═════ RECORD SET ═════
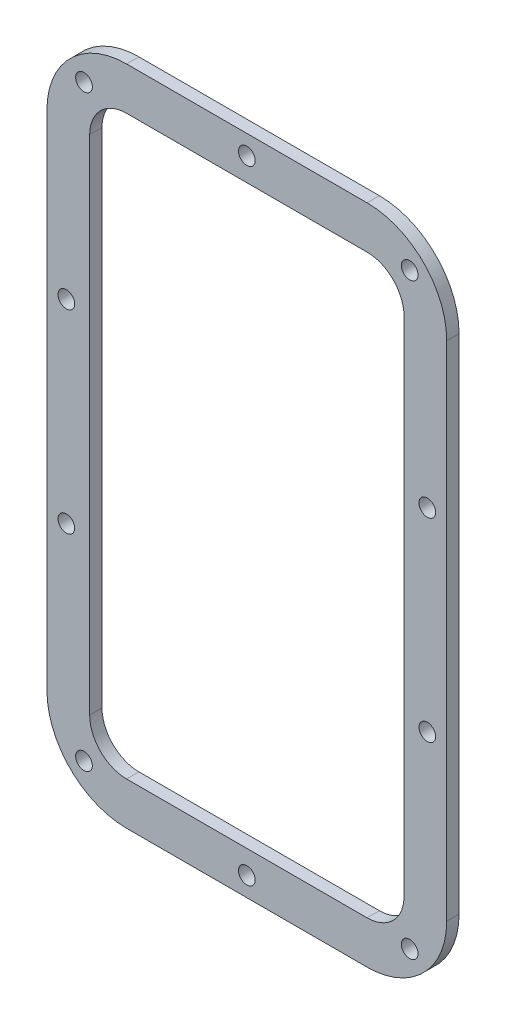
ISO-10303-21;
HEADER;
FILE_DESCRIPTION(('STEP AP214'),'2;1');
FILE_NAME('part.step','',(''),(''),'','','');
FILE_SCHEMA(('AUTOMOTIVE_DESIGN { 1 0 10303 214 1 1 1 1 }'));
ENDSEC;
DATA;
#1=APPLICATION_CONTEXT('core data for automotive mechanical design processes');
#2=APPLICATION_PROTOCOL_DEFINITION('international standard','automotive_design',2000,#1);
#3=PRODUCT_CONTEXT('',#1,'mechanical');
#4=PRODUCT('Part','Part','',(#3));
#5=PRODUCT_RELATED_PRODUCT_CATEGORY('part','',(#4));
#6=PRODUCT_DEFINITION_FORMATION('','',#4);
#7=PRODUCT_DEFINITION_CONTEXT('part definition',#1,'design');
#8=PRODUCT_DEFINITION('design','',#6,#7);
#9=PRODUCT_DEFINITION_SHAPE('','',#8);
#10=(LENGTH_UNIT() NAMED_UNIT(*) SI_UNIT(.MILLI.,.METRE.));
#11=(NAMED_UNIT(*) PLANE_ANGLE_UNIT() SI_UNIT($,.RADIAN.));
#12=(NAMED_UNIT(*) SI_UNIT($,.STERADIAN.) SOLID_ANGLE_UNIT());
#13=UNCERTAINTY_MEASURE_WITH_UNIT(LENGTH_MEASURE(1.E-05),#10,'distance_accuracy_value','');
#14=(GEOMETRIC_REPRESENTATION_CONTEXT(3) GLOBAL_UNCERTAINTY_ASSIGNED_CONTEXT((#13)) GLOBAL_UNIT_ASSIGNED_CONTEXT((#10,
#11,#12)) REPRESENTATION_CONTEXT('',''));
#15=CARTESIAN_POINT('',(0.,0.,0.));
#16=DIRECTION('',(0.,0.,1.));
#17=DIRECTION('',(1.,0.,0.));
#18=AXIS2_PLACEMENT_3D('',#15,#16,#17);
#19=CARTESIAN_POINT('',(32.5,-5.36127516449335,6.175));
#20=DIRECTION('',(0.,0.,1.));
#21=DIRECTION('',(1.,0.,0.));
#22=AXIS2_PLACEMENT_3D('',#19,#20,#21);
#23=PLANE('',#22);
#24=CARTESIAN_POINT('',(43.4601551083916,135.010155103898,6.175));
#25=DIRECTION('',(0.,0.,1.));
#26=DIRECTION('',(1.,0.,0.));
#27=AXIS2_PLACEMENT_3D('',#24,#25,#26);
#28=CIRCLE('',#27,2.15000000000003);
#29=CARTESIAN_POINT('',(45.6101551083916,135.010155103898,6.175));
#30=VERTEX_POINT('',#29);
#31=EDGE_CURVE('E218',#30,#30,#28,.T.);
#32=ORIENTED_EDGE('',*,*,#31,.F.);
#33=EDGE_LOOP('',(#32));
#34=FACE_BOUND('',#33,.T.);
#35=CARTESIAN_POINT('',(43.4601551083916,-16.3214302728847,6.175));
#36=DIRECTION('',(0.,0.,1.));
#37=DIRECTION('',(1.,0.,0.));
#38=AXIS2_PLACEMENT_3D('',#35,#36,#37);
#39=CIRCLE('',#38,2.15);
#40=CARTESIAN_POINT('',(45.6101551083916,-16.3214302728847,6.175));
#41=VERTEX_POINT('',#40);
#42=EDGE_CURVE('E230',#41,#41,#39,.T.);
#43=ORIENTED_EDGE('',*,*,#42,.F.);
#44=EDGE_LOOP('',(#43));
#45=FACE_BOUND('',#44,.T.);
#46=CARTESIAN_POINT('',(-40.3834791264749,-16.3214302728847,6.175));
#47=DIRECTION('',(0.,0.,1.));
#48=DIRECTION('',(1.,0.,0.));
#49=AXIS2_PLACEMENT_3D('',#46,#47,#48);
#50=CIRCLE('',#49,2.15);
#51=CARTESIAN_POINT('',(-38.2334791264749,-16.3214302728847,6.175));
#52=VERTEX_POINT('',#51);
#53=EDGE_CURVE('E242',#52,#52,#50,.T.);
#54=ORIENTED_EDGE('',*,*,#53,.F.);
#55=EDGE_LOOP('',(#54));
#56=FACE_BOUND('',#55,.T.);
#57=CARTESIAN_POINT('',(-40.3834791264749,135.010155103898,6.175));
#58=DIRECTION('',(0.,0.,1.));
#59=DIRECTION('',(1.,0.,0.));
#60=AXIS2_PLACEMENT_3D('',#57,#58,#59);
#61=CIRCLE('',#60,2.15000000000003);
#62=CARTESIAN_POINT('',(-38.2334791264749,135.010155103898,6.175));
#63=VERTEX_POINT('',#62);
#64=EDGE_CURVE('E254',#63,#63,#61,.T.);
#65=ORIENTED_EDGE('',*,*,#64,.F.);
#66=EDGE_LOOP('',(#65));
#67=FACE_BOUND('',#66,.T.);
#68=CARTESIAN_POINT('',(1.53833799095834,139.549999995507,6.175));
#69=DIRECTION('',(0.,0.,1.));
#70=DIRECTION('',(1.,0.,0.));
#71=AXIS2_PLACEMENT_3D('',#68,#69,#70);
#72=CIRCLE('',#71,2.14999999999997);
#73=CARTESIAN_POINT('',(3.68833799095831,139.549999995507,6.175));
#74=VERTEX_POINT('',#73);
#75=EDGE_CURVE('E266',#74,#74,#72,.T.);
#76=ORIENTED_EDGE('',*,*,#75,.F.);
#77=EDGE_LOOP('',(#76));
#78=FACE_BOUND('',#77,.T.);
#79=CARTESIAN_POINT('',(32.5,-5.36127516449335,6.175));
#80=DIRECTION('',(0.,0.,1.));
#81=DIRECTION('',(1.,0.,0.));
#82=AXIS2_PLACEMENT_3D('',#79,#80,#81);
#83=CIRCLE('',#82,20.5);
#84=CARTESIAN_POINT('',(32.5000000000273,-25.8612751645384,6.175));
#85=VERTEX_POINT('',#84);
#86=CARTESIAN_POINT('',(53.0000000000129,-5.36127516448914,6.175));
#87=VERTEX_POINT('',#86);
#88=EDGE_CURVE('E272',#85,#87,#83,.T.);
#89=ORIENTED_EDGE('',*,*,#88,.T.);
#90=DIRECTION('',(0.,-1.,0.));
#91=VECTOR('',#90,1.);
#92=CARTESIAN_POINT('',(52.9999999999973,-291471.1,6.175));
#93=LINE('',#92,#91);
#94=CARTESIAN_POINT('',(53.,124.04999999552,6.175));
#95=VERTEX_POINT('',#94);
#96=EDGE_CURVE('E274',#95,#87,#93,.T.);
#97=ORIENTED_EDGE('',*,*,#96,.F.);
#98=CARTESIAN_POINT('',(32.5,124.049999995507,6.175));
#99=DIRECTION('',(0.,0.,1.));
#100=DIRECTION('',(1.,0.,0.));
#101=AXIS2_PLACEMENT_3D('',#98,#99,#100);
#102=CIRCLE('',#101,20.5);
#103=CARTESIAN_POINT('',(32.5000000000273,144.54999999549,6.175));
#104=VERTEX_POINT('',#103);
#105=EDGE_CURVE('E278',#95,#104,#102,.T.);
#106=ORIENTED_EDGE('',*,*,#105,.T.);
#107=DIRECTION('',(1.,0.,0.));
#108=VECTOR('',#107,1.);
#109=CARTESIAN_POINT('',(-400000.538337991,144.54999999549,6.175));
#110=LINE('',#109,#108);
#111=CARTESIAN_POINT('',(-29.4233240180688,144.549999995507,6.175));
#112=VERTEX_POINT('',#111);
#113=EDGE_CURVE('E280',#112,#104,#110,.T.);
#114=ORIENTED_EDGE('',*,*,#113,.F.);
#115=CARTESIAN_POINT('',(-29.4233240180834,124.049999995507,6.175));
#116=DIRECTION('',(0.,0.,1.));
#117=DIRECTION('',(1.,0.,0.));
#118=AXIS2_PLACEMENT_3D('',#115,#116,#117);
#119=CIRCLE('',#118,20.5);
#120=CARTESIAN_POINT('',(-49.9233240180956,124.04999999552,6.175));
#121=VERTEX_POINT('',#120);
#122=EDGE_CURVE('E283',#112,#121,#119,.T.);
#123=ORIENTED_EDGE('',*,*,#122,.T.);
#124=DIRECTION('',(0.,1.,0.));
#125=VECTOR('',#124,1.);
#126=CARTESIAN_POINT('',(-49.9233240180956,-291471.1,6.175));
#127=LINE('',#126,#125);
#128=CARTESIAN_POINT('',(-49.9233240180834,-5.36127516448915,6.175));
#129=VERTEX_POINT('',#128);
#130=EDGE_CURVE('E285',#129,#121,#127,.T.);
#131=ORIENTED_EDGE('',*,*,#130,.F.);
#132=CARTESIAN_POINT('',(-29.4233240180834,-5.36127516449333,6.175));
#133=DIRECTION('',(0.,0.,1.));
#134=DIRECTION('',(1.,0.,0.));
#135=AXIS2_PLACEMENT_3D('',#132,#133,#134);
#136=CIRCLE('',#135,20.5);
#137=CARTESIAN_POINT('',(-29.4233240181256,-25.8612751645384,6.175));
#138=VERTEX_POINT('',#137);
#139=EDGE_CURVE('E288',#129,#138,#136,.T.);
#140=ORIENTED_EDGE('',*,*,#139,.T.);
#141=DIRECTION('',(-1.,0.,0.));
#142=VECTOR('',#141,1.);
#143=CARTESIAN_POINT('',(-400000.538337991,-25.861275164516,6.175));
#144=LINE('',#143,#142);
#145=EDGE_CURVE('E290',#85,#138,#144,.T.);
#146=ORIENTED_EDGE('',*,*,#145,.F.);
#147=EDGE_LOOP('',(#89,#97,#106,#114,#123,#131,#140,#146));
#148=FACE_BOUND('',#147,.T.);
#149=CARTESIAN_POINT('',(-44.9233240180834,84.3443624155067,6.175));
#150=DIRECTION('',(0.,0.,1.));
#151=DIRECTION('',(1.,0.,0.));
#152=AXIS2_PLACEMENT_3D('',#149,#150,#151);
#153=CIRCLE('',#152,2.15);
#154=CARTESIAN_POINT('',(-42.7733240180834,84.3443624155067,6.175));
#155=VERTEX_POINT('',#154);
#156=EDGE_CURVE('E260',#155,#155,#153,.T.);
#157=ORIENTED_EDGE('',*,*,#156,.F.);
#158=EDGE_LOOP('',(#157));
#159=FACE_BOUND('',#158,.T.);
#160=CARTESIAN_POINT('',(-44.9233240180834,34.3443624155067,6.175));
#161=DIRECTION('',(0.,0.,1.));
#162=DIRECTION('',(1.,0.,0.));
#163=AXIS2_PLACEMENT_3D('',#160,#161,#162);
#164=CIRCLE('',#163,2.15);
#165=CARTESIAN_POINT('',(-42.7733240180834,34.3443624155067,6.175));
#166=VERTEX_POINT('',#165);
#167=EDGE_CURVE('E248',#166,#166,#164,.T.);
#168=ORIENTED_EDGE('',*,*,#167,.F.);
#169=EDGE_LOOP('',(#168));
#170=FACE_BOUND('',#169,.T.);
#171=CARTESIAN_POINT('',(1.53833799095834,-20.8612751644933,6.175));
#172=DIRECTION('',(0.,0.,1.));
#173=DIRECTION('',(1.,0.,0.));
#174=AXIS2_PLACEMENT_3D('',#171,#172,#173);
#175=CIRCLE('',#174,2.15);
#176=CARTESIAN_POINT('',(3.68833799095834,-20.8612751644933,6.175));
#177=VERTEX_POINT('',#176);
#178=EDGE_CURVE('E236',#177,#177,#175,.T.);
#179=ORIENTED_EDGE('',*,*,#178,.F.);
#180=EDGE_LOOP('',(#179));
#181=FACE_BOUND('',#180,.T.);
#182=CARTESIAN_POINT('',(48.,34.3443624155066,6.175));
#183=DIRECTION('',(0.,0.,1.));
#184=DIRECTION('',(1.,0.,0.));
#185=AXIS2_PLACEMENT_3D('',#182,#183,#184);
#186=CIRCLE('',#185,2.15);
#187=CARTESIAN_POINT('',(50.15,34.3443624155066,6.175));
#188=VERTEX_POINT('',#187);
#189=EDGE_CURVE('E224',#188,#188,#186,.T.);
#190=ORIENTED_EDGE('',*,*,#189,.F.);
#191=EDGE_LOOP('',(#190));
#192=FACE_BOUND('',#191,.T.);
#193=CARTESIAN_POINT('',(48.,84.3443624155067,6.175));
#194=DIRECTION('',(0.,0.,1.));
#195=DIRECTION('',(1.,0.,0.));
#196=AXIS2_PLACEMENT_3D('',#193,#194,#195);
#197=CIRCLE('',#196,2.15);
#198=CARTESIAN_POINT('',(50.15,84.3443624155067,6.175));
#199=VERTEX_POINT('',#198);
#200=EDGE_CURVE('E212',#199,#199,#197,.T.);
#201=ORIENTED_EDGE('',*,*,#200,.F.);
#202=EDGE_LOOP('',(#201));
#203=FACE_BOUND('',#202,.T.);
#204=DIRECTION('',(0.,-1.,0.));
#205=VECTOR('',#204,1.);
#206=CARTESIAN_POINT('',(41.9999999999732,-291471.1,6.175));
#207=LINE('',#206,#205);
#208=CARTESIAN_POINT('',(42.,124.04999999552,6.175));
#209=VERTEX_POINT('',#208);
#210=CARTESIAN_POINT('',(41.9999999999732,-5.36127516448914,6.175));
#211=VERTEX_POINT('',#210);
#212=EDGE_CURVE('E155',#209,#211,#207,.T.);
#213=ORIENTED_EDGE('',*,*,#212,.T.);
#214=CARTESIAN_POINT('',(32.5000000000001,-5.36127516449332,6.175));
#215=DIRECTION('',(0.,0.,1.));
#216=DIRECTION('',(1.,0.,0.));
#217=AXIS2_PLACEMENT_3D('',#214,#215,#216);
#218=CIRCLE('',#217,9.5);
#219=CARTESIAN_POINT('',(32.5000000000273,-14.8612751644703,6.175));
#220=VERTEX_POINT('',#219);
#221=EDGE_CURVE('E146',#220,#211,#218,.T.);
#222=ORIENTED_EDGE('',*,*,#221,.F.);
#223=DIRECTION('',(-1.,0.,0.));
#224=VECTOR('',#223,1.);
#225=CARTESIAN_POINT('',(-400000.538337991,-14.8612751645487,6.175));
#226=LINE('',#225,#224);
#227=CARTESIAN_POINT('',(-29.4233240181256,-14.8612751644703,6.175));
#228=VERTEX_POINT('',#227);
#229=EDGE_CURVE('E181',#220,#228,#226,.T.);
#230=ORIENTED_EDGE('',*,*,#229,.T.);
#231=CARTESIAN_POINT('',(-29.4233240180833,-5.36127516449333,6.175));
#232=DIRECTION('',(0.,0.,1.));
#233=DIRECTION('',(1.,0.,0.));
#234=AXIS2_PLACEMENT_3D('',#231,#232,#233);
#235=CIRCLE('',#234,9.5);
#236=CARTESIAN_POINT('',(-38.9233240180833,-5.36127516448914,6.175));
#237=VERTEX_POINT('',#236);
#238=EDGE_CURVE('E179',#237,#228,#235,.T.);
#239=ORIENTED_EDGE('',*,*,#238,.F.);
#240=DIRECTION('',(0.,1.,0.));
#241=VECTOR('',#240,1.);
#242=CARTESIAN_POINT('',(-38.9233240180147,-291471.1,6.175));
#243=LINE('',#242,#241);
═════
> [TASK DETAILS]: Of the entries listed above, reproduce only the lines starting at the line containing "#189=EDGE_CURVE('E224',#188,#188,#186,.T.);" and ending at the line containing "#199=VERTEX_POINT('',#198);". Include both, exactly as they stand.

> [TASK RESPONSE]:
#189=EDGE_CURVE('E224',#188,#188,#186,.T.);
#190=ORIENTED_EDGE('',*,*,#189,.F.);
#191=EDGE_LOOP('',(#190));
#192=FACE_BOUND('',#191,.T.);
#193=CARTESIAN_POINT('',(48.,84.3443624155067,6.175));
#194=DIRECTION('',(0.,0.,1.));
#195=DIRECTION('',(1.,0.,0.));
#196=AXIS2_PLACEMENT_3D('',#193,#194,#195);
#197=CIRCLE('',#196,2.15);
#198=CARTESIAN_POINT('',(50.15,84.3443624155067,6.175));
#199=VERTEX_POINT('',#198);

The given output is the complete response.